Am 25. Juli 2006 musste CVP-Bundesrat Joseph Deiss ins Spital. Grund war eine Diskushernie, zu Deutsch: ein Bandscheibenvorfall. Der Fall Deiss zeigt, dass ein Bundesrat auch im Spital voll handlungsfähig sein kann. Deiss verpasste damals zwar seine letzte Bundesratssitzung, wurde aber zu Beratungen telefonisch zugeschaltet. Auch andere Termine nahm Deiss telefonisch wahr. Der Freiburger war von 1999 bis Ende Juli 2006 im Amt; erst als Aussenminister, dann als Wirtschaftsminister.

Im April 2003 musste sich FDP-Bundesrat Kaspar Villigerseinen gebrochenen linken Daumen wieder richten lassen. Villiger war bei einem Velounfall gestürzt. Da sich der Unfall über Ostern ereignet hatte, konnte sich der Bundesrat über die Feiertage erholen. Villiger war von 1989 bis Ende 2003 im Bundesrat; zuerst als Verteidigungsminister, dann als Vorsteher des Finanzdepartements. Weit weniger harmlose Eingriffe mussten Otto Stich(SP), Jean-Pascal Delamuraz (FDP) und René Felber(SP) über sich ergehen lassen. Stich liess sich 1994 einen Herzschrittmacher einsetzen. Er hatte bei einer Sitzung einen Kollaps erlitten. Der Solothurner leitete von 1984 bis 1995 das Finanzdepartement. Delamuraz musste sich im April 1995 einer dreistündigen Operation am offenen Herz unterziehen, um sich eine künstliche Herzklappe einsetzen zu lassen. Zwei Jahre später wurde ihm in einer fünfstündigen Operation ein bösartiger Lebertumor entfernt. Der Waadtländer war von 1984 bis 1998 in der Regierung.

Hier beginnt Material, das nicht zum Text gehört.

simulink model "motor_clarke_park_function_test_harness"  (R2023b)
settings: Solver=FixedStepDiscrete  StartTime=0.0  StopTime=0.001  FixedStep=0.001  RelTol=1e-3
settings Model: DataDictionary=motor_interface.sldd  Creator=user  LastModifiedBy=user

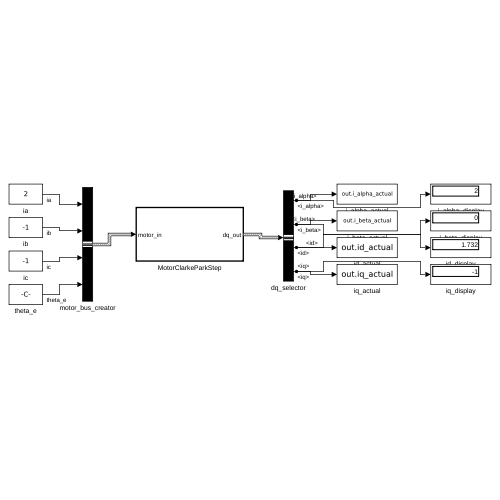
[thumbnail: Simulink's stored preview of the top-level diagram]
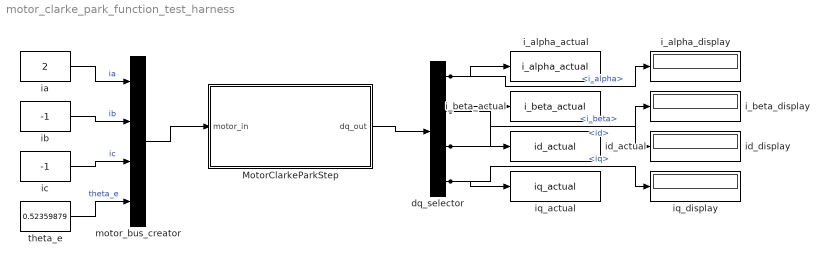
== system motor_clarke_park_function_test_harness ==
  MotorClarkeParkStep : Subsystem  TreatAsAtomicUnit=on  RTWFcnName=MotorClarkeParkStep  RTWFileName=MotorClarkeParkStep
      settings: RTWFcnNameOpts=User specified  RTWFileNameOpts=User specified
  dq_selector : BusSelector  OutputSignals=i_alpha,i_beta,id,iq
  i_alpha_actual : ToWorkspace  VariableName=i_alpha_actual  SaveFormat=Timeseries  SampleTime=-1
  i_alpha_display : Display
  i_beta_actual : ToWorkspace  VariableName=i_beta_actual  SaveFormat=Timeseries  SampleTime=-1
  i_beta_display : Display
  ia : Constant  Value=2  OutDataTypeStr=T_MotorCurrent  SampleTime=0.001
  ib : Constant  Value=-1  OutDataTypeStr=T_MotorCurrent  SampleTime=0.001
  ic : Constant  Value=-1  OutDataTypeStr=T_MotorCurrent  SampleTime=0.001
  id_actual : ToWorkspace  VariableName=id_actual  SaveFormat=Timeseries  SampleTime=-1
  id_display : Display
  iq_actual : ToWorkspace  VariableName=iq_actual  SaveFormat=Timeseries  SampleTime=-1
  iq_display : Display
  motor_bus_creator : BusCreator  Inputs=4  OutDataTypeStr=Bus: motor_t  NonVirtualBus=on
  theta_e : Constant  Value=0.52359879  OutDataTypeStr=T_MotorAngle  SampleTime=0.001
  wires:
  ia/1 -> motor_bus_creator/1  "ia"
  ib/1 -> motor_bus_creator/2  "ib"
  ic/1 -> motor_bus_creator/3  "ic"
  theta_e/1 -> motor_bus_creator/4  "theta_e"
  motor_bus_creator/1 -> MotorClarkeParkStep/1(motor_in)
  MotorClarkeParkStep/1(dq_out) -> dq_selector/1
  dq_selector/1 -> i_alpha_actual/1, i_alpha_display/1  "<i_alpha>"
  dq_selector/2 -> i_beta_actual/1, i_beta_display/1  "<i_beta>"
  dq_selector/3 -> id_actual/1, id_display/1  "<id>"
  dq_selector/4 -> iq_actual/1, iq_display/1  "<iq>"

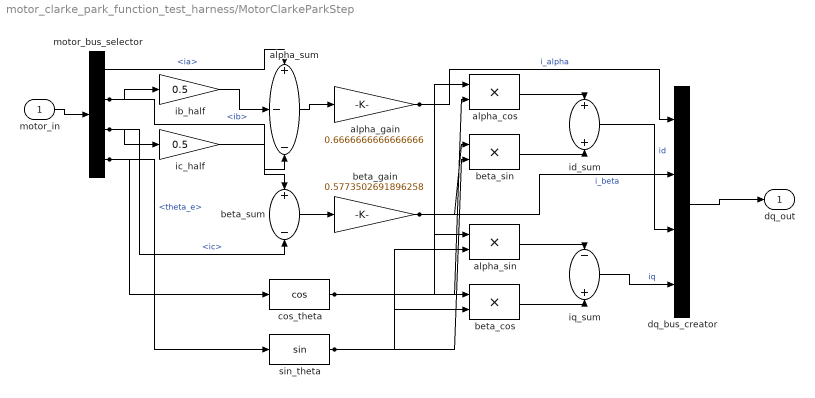
== system motor_clarke_park_function_test_harness/MotorClarkeParkStep ==
  motor_in : Inport  OutDataTypeStr=Bus: motor_t  BusOutputAsStruct=on
  alpha_cos : Product  Inputs=**  OutDataTypeStr=T_MotorCurrent  SaturateOnIntegerOverflow=on
  alpha_gain : Gain  Gain=0.6666666666666666  ParamDataTypeStr=T_MotorCurrent  OutDataTypeStr=T_MotorCurrent  SaturateOnIntegerOverflow=on
  alpha_sin : Product  Inputs=**  OutDataTypeStr=T_MotorCurrent  SaturateOnIntegerOverflow=on
  alpha_sum : Sum  Inputs=+--  OutDataTypeStr=T_MotorCurrent  AccumDataTypeStr=T_MotorCurrent  SaturateOnIntegerOverflow=on
  beta_cos : Product  Inputs=**  OutDataTypeStr=T_MotorCurrent  SaturateOnIntegerOverflow=on
  beta_gain : Gain  Gain=0.5773502691896258  ParamDataTypeStr=T_MotorCurrent  OutDataTypeStr=T_MotorCurrent  SaturateOnIntegerOverflow=on
  beta_sin : Product  Inputs=**  OutDataTypeStr=T_MotorCurrent  SaturateOnIntegerOverflow=on
  beta_sum : Sum  Inputs=+-  OutDataTypeStr=T_MotorCurrent  AccumDataTypeStr=T_MotorCurrent  SaturateOnIntegerOverflow=on
  cos_theta : Trigonometry  Operator=cos
  dq_bus_creator : BusCreator  Inputs=4  OutDataTypeStr=Bus: motor_dq_t  NonVirtualBus=on
  ib_half : Gain  Gain=0.5  ParamDataTypeStr=T_MotorCurrent  OutDataTypeStr=T_MotorCurrent  SaturateOnIntegerOverflow=on
  ic_half : Gain  Gain=0.5  ParamDataTypeStr=T_MotorCurrent  OutDataTypeStr=T_MotorCurrent  SaturateOnIntegerOverflow=on
  id_sum : Sum  OutDataTypeStr=T_MotorCurrent  AccumDataTypeStr=T_MotorCurrent  SaturateOnIntegerOverflow=on
  iq_sum : Sum  Inputs=-+  OutDataTypeStr=T_MotorCurrent  AccumDataTypeStr=T_MotorCurrent  SaturateOnIntegerOverflow=on
  motor_bus_selector : BusSelector  OutputSignals=ia,ib,ic,theta_e
  sin_theta : Trigonometry
  dq_out : Outport  OutDataTypeStr=Bus: motor_dq_t
  wires:
  dq_bus_creator/1 -> dq_out/1
  iq_sum/1 -> dq_bus_creator/4  "iq"
  id_sum/1 -> dq_bus_creator/3  "id"
  beta_cos/1 -> iq_sum/2
  alpha_sin/1 -> iq_sum/1
  beta_sin/1 -> id_sum/2
  alpha_cos/1 -> id_sum/1
  sin_theta/1 -> alpha_sin/2, beta_sin/2
  beta_gain/1 -> dq_bus_creator/2, beta_cos/1, beta_sin/1  "i_beta"
  cos_theta/1 -> beta_cos/2, alpha_cos/2
  alpha_gain/1 -> dq_bus_creator/1, alpha_sin/1, alpha_cos/1  "i_alpha"
  motor_bus_selector/4 -> sin_theta/1, cos_theta/1  "<theta_e>"
  beta_sum/1 -> beta_gain/1
  alpha_sum/1 -> alpha_gain/1
  ic_half/1 -> alpha_sum/3
  ib_half/1 -> alpha_sum/2
  motor_bus_selector/3 -> beta_sum/2, ic_half/1  "<ic>"
  motor_bus_selector/2 -> beta_sum/1, ib_half/1  "<ib>"
  motor_bus_selector/1 -> alpha_sum/1  "<ia>"
  motor_in/1 -> motor_bus_selector/1
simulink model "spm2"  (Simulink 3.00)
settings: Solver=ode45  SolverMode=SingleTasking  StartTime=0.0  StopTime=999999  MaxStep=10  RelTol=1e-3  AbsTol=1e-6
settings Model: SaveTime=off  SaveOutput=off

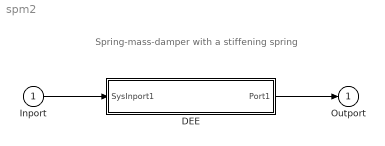
== system spm2 ==
  note: Spring-mass-damper with a stiffening spring
  Inport : Inport  Port=1  PortWidth=-1  SampleTime=-1  DataType=auto
      settings: SignalType=auto
  DEE : Subsystem
      settings: OpenFcn=diffeqed
      mask Type: Differential Equation Editor (DEE)
      mask Display: disp('Spring-mass-damper\nsystem')
  Outport : Outport  Port=1
  wires:
  Inport/1 -> DEE/1(SysInport1)
  DEE/1(Port1) -> Outport/1

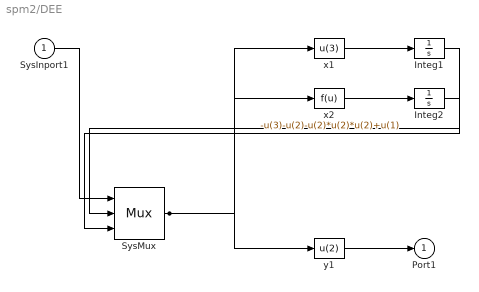
== system spm2/DEE ==
  SysInport1 : Inport  Port=1  PortWidth=-1  SampleTime=-1  DataType=auto
      settings: SignalType=auto
  Integ1 : Integrator  ExternalReset=none  InitialConditionSource=internal  InitialCondition=0  LimitOutput=off  UpperSaturationLimit=inf  LowerSaturationLimit=-inf  ShowSaturationPort=off  ShowStatePort=off  AbsoluteTolerance=auto
  Integ2 : Integrator  ExternalReset=none  InitialConditionSource=internal  InitialCondition=0  LimitOutput=off  UpperSaturationLimit=inf  LowerSaturationLimit=-inf  ShowSaturationPort=off  ShowStatePort=off  AbsoluteTolerance=auto
  SysMux : Mux  Inputs=3
      settings: DisplayOption=none
  x1 : Fcn  Expr=u(3)
  x2 : Fcn  Expr=-u(3)-u(2)-u(2)*u(2)*u(2)+u(1)
  y1 : Fcn  Expr=u(2)
  Port1 : Outport  Port=1
  wires:
  y1/1 -> Port1/1
  Integ2/1 -> SysMux/3
  x2/1 -> Integ2/1
  SysMux/1 -> y1/1, x2/1, x1/1
  Integ1/1 -> SysMux/2
  x1/1 -> Integ1/1
  SysInport1/1 -> SysMux/1

Felber war 1991 wegen eines Blasentumors operiert worden. Der Neuenburger war von 1988 bis 1993 Aussenminister.

Mitte des vergangenen Jahrhunderts gab es zwei Fälle, bei denen Bundesräte wegen ihres Gesundheitszustandes zurücktraten. Einzigartig dürfte das Beispiel von Jean Bourgknecht(CVP) sein. Im Mai 1962 hatte der Chef des Finanzdepartements einen Schlaganfall erlitten. Die Familienangehörigen mussten stellvertretend für den Freiburger seinen Rücktritt auf Ende 1962 bekannt geben.

Hermann Obrecht (FDP) teilte im Kriegsjahr 1940 seine Demission wegen eines Herzleidens mit. Zuvor hatte der Vorsteher des Volkswirtschaftsdepartements einen Herzanfall erlitten und ging in eine längere Kur.